Die Bundeswehr will das neue Kommandozentrum für schnelle Truppen- und Materialtransporte der Nato in Ulm ansiedeln. Es soll am Standort des Multinationalen Kommandos Operative Führung eingerichtet werden, teilte das Verteidigungsministerium am Dienstag mit. Die offizielle Entscheidung des westlichen Militärbündnisses fällt beim Nato-Verteidigungsministertreffen im Juni 2018. Zeitweise war für das sogenannte Joint Support and Enabling Command (JSEC) auch der Standort Köln-Bonn im Gespräch.

Vom Standort Ulm erwartet die Bundeswehr Synergieeffekte. Das seit 2013 in der dortigen Wilhelmsburgkaserne stationierte Multinationale Kommando mit Stabsoffizieren aus rund einem Dutzend Ländern soll von diesem Sommer an jederzeit in der Lage sein, Nato-Kriseneinsätze mit bis zu 60.000 Soldaten zu führen.

Mit der Stärkung ihrer Kommando- und Streitkräftestruktur reagiert die Nato vor allem auf die als aggressiv wahrgenommene Politik Russlands. Im Zuge der Entspannungspolitik waren die Strukturen in den vergangenen Jahrzehnten enorm reduziert worden. Von den zeitweise mehreren Dutzend Hauptquartieren sind nach Nato-Angaben heute nur noch sieben übrig. Sorgen bereiten neben dem Zustand von militärisch nutzbaren Straßen- und Schienenverbindungen in Richtung Osten vor allem bürokratische Hürden beim Transport von Truppen und Ausrüstung.

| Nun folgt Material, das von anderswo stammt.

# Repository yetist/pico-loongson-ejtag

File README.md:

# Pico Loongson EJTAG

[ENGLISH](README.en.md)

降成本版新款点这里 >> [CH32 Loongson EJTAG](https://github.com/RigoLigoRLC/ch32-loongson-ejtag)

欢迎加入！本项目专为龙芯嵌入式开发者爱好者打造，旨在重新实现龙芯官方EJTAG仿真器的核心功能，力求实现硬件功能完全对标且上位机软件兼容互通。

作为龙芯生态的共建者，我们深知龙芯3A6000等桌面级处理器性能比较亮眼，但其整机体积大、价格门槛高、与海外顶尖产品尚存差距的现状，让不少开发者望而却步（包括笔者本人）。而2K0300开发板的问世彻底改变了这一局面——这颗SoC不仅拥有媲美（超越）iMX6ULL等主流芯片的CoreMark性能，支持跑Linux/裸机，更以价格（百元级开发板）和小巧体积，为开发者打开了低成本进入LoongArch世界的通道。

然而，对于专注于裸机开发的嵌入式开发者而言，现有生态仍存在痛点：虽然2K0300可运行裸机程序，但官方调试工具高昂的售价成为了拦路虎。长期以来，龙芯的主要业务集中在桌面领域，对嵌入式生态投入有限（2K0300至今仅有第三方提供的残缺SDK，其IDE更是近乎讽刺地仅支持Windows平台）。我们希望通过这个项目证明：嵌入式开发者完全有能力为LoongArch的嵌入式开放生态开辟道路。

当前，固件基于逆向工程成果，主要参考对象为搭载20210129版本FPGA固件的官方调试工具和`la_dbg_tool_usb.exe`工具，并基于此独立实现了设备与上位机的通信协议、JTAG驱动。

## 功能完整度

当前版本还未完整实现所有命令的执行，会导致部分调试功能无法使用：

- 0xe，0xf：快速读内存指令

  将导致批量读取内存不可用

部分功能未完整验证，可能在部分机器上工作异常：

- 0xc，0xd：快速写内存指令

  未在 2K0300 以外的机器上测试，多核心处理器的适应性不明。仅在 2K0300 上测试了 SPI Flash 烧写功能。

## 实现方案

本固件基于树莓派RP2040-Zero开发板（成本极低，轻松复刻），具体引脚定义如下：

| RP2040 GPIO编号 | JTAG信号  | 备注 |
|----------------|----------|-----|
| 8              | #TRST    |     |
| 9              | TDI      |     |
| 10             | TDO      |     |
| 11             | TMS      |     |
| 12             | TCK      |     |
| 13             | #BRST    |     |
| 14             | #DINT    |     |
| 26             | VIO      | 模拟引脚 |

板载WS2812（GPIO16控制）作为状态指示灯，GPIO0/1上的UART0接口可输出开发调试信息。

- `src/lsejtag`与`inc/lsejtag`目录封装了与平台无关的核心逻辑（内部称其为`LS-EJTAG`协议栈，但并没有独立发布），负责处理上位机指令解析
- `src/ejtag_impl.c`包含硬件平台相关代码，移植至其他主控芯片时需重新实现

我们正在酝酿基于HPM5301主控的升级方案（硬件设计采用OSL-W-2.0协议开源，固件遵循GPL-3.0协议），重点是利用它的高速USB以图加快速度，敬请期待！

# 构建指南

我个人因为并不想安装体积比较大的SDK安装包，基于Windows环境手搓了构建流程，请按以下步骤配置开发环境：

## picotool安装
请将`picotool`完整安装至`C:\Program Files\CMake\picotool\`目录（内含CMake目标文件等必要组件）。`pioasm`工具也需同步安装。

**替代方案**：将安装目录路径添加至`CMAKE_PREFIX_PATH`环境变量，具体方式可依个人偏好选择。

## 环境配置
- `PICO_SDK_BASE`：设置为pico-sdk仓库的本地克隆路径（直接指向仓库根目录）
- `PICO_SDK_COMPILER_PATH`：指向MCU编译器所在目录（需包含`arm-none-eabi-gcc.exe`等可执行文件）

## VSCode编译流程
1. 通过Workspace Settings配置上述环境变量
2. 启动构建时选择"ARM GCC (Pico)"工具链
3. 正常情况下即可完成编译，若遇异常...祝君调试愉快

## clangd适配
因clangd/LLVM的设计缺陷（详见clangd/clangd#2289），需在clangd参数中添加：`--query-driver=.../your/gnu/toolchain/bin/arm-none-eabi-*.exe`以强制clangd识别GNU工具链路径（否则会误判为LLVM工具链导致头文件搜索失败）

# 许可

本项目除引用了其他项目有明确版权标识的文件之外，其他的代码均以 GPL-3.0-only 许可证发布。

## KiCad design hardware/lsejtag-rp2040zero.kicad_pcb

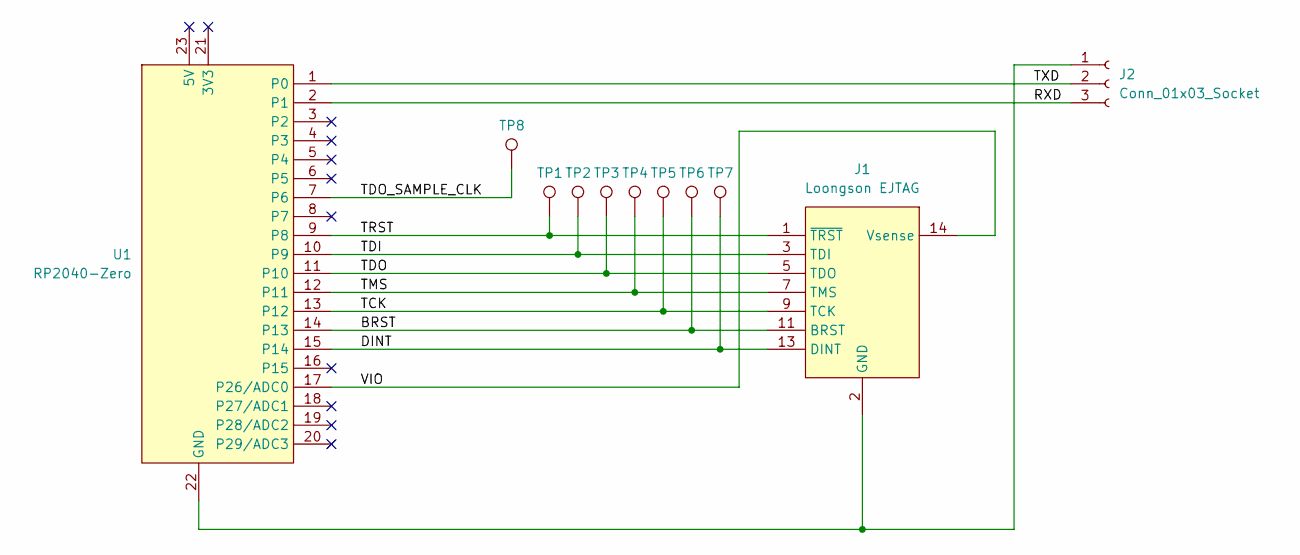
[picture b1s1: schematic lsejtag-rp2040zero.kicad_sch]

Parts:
J1: Loongson EJTAG; IDC-Header_2x07_P2.54mm_Vertical
J2: Conn_01x03_Socket; PinHeader_1x03_P2.54mm_Vertical
TP1, TP2, TP3, TP4, TP5, TP6, TP7, TP8: TestPoint; PinHeader_1x01_P2.54mm_Vertical
U1: RP2040-Zero

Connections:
/BRST: J1.11 (BRST), TP6.1, U1.14 (P13)
/DINT: J1.13 (DINT), TP7.1, U1.15 (P14)
/RXD: J2.3, U1.2 (P1)
/TCK: J1.9 (TCK), TP5.1, U1.13 (P12)
/TDI: J1.3 (TDI), TP2.1, U1.10 (P9)
/TDO: J1.5 (TDO), TP3.1, U1.11 (P10)
/TDO_SAMPLE_CLK: TP8.1, U1.7 (P6)
/TMS: J1.7 (TMS), TP4.1, U1.12 (P11)
/TRST: J1.1 (~TRST), TP1.1, U1.9 (P8)
/TXD: J2.2, U1.1 (P0)
/VIO: J1.14 (Vsense), U1.17 (P26/ADC0)
GND: J1.2 (GND), J1.4 (GND), J1.6 (GND), J1.8 (GND), J1.10 (GND), J2.1, U1.22 (GND)

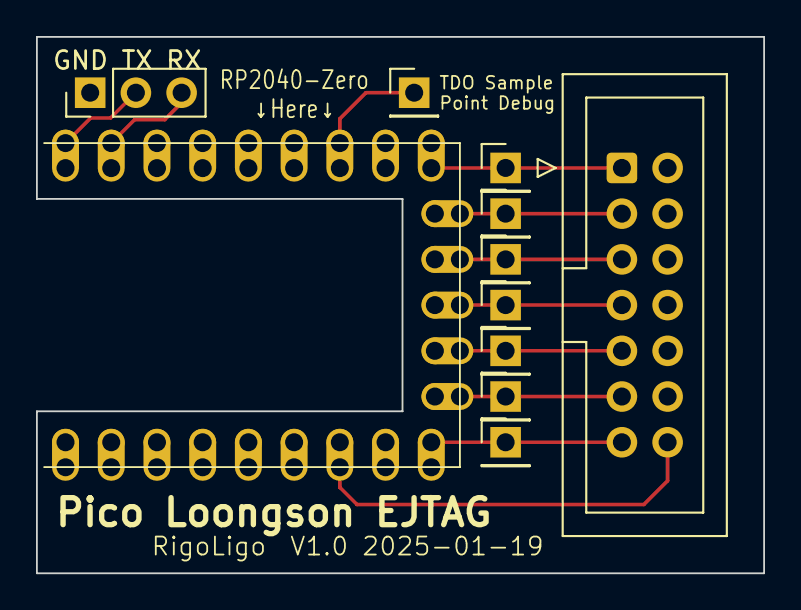
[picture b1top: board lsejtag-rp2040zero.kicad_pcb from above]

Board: 2 copper layers, 40.4 x 29.8 mm, 11 parts (0 on the bottom side), 12 nets.

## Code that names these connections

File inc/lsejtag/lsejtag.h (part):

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    io_led,                 // Green LED. Default to low.
    io_fpga_reset,          // Non-used.
    io_oe,                  // JTAG output enable. When OE is low output is enabled. Default to low.
    io_trst,                // TRST pin. Default to high.
    io_brst,                // BRST pin. Default to high.
    io_dint,                // DINT pin. Default to high.
    io_tap_reset,           // Non-used.
    io_maximum,
} lsejtag_io;
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
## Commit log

2025-01-18 feat: PIO logic verified
2025-01-27 feat: Basic IR/DR R/W funcionality implemented
2025-01-28 feat: reconfigure JTAG frequency
2025-01-28 chore: update README
2025-01-28 feat: PCB design
2025-02-03 feat: Implemented Fast Write (for flashing) NOT FULLY VERIFIED
2025-02-03 chore: bump to version 0.2.0
2025-02-03 Add ci to produce binaries
2025-02-03 fix: change default IR params to MIPS style
2025-06-21 chore: Update README.md about CH32 version
2025-06-21 chore: Update README.en.md about CH32 version
2025-07-20 add pcb

Neben Deutschland werden vermutlich die USA ein weiteres Kommando aufbauen, um die Transportwege zwischen Nordamerika und Europa über den Atlantik besser zu sichern. Dabei geht es auch um den Schutz sensibler Infrastruktur. Im Atlantik liegen zum Beispiel Datenkabel, über die Internet- und Kommunikationsverbindungen laufen.

Das bereits in Ulm befindliche Multinationale Kommando soll die Fähigkeit zur Führung großer Militäreinsätze bei der Nato-Übung „Trident Jaguar“ im Mai im Nato-Trainingszentrum im norwegischen Stavanger unter Beweis stellen. Nach der erwarteten Zertifizierung durch die Nato soll das Kommando ab Juli 2018 für ein Jahr in ständiger Bereitschaft bleiben, um innerhalb von maximal 60 Tagen Nato-Einsätze im Ausland führen zu können.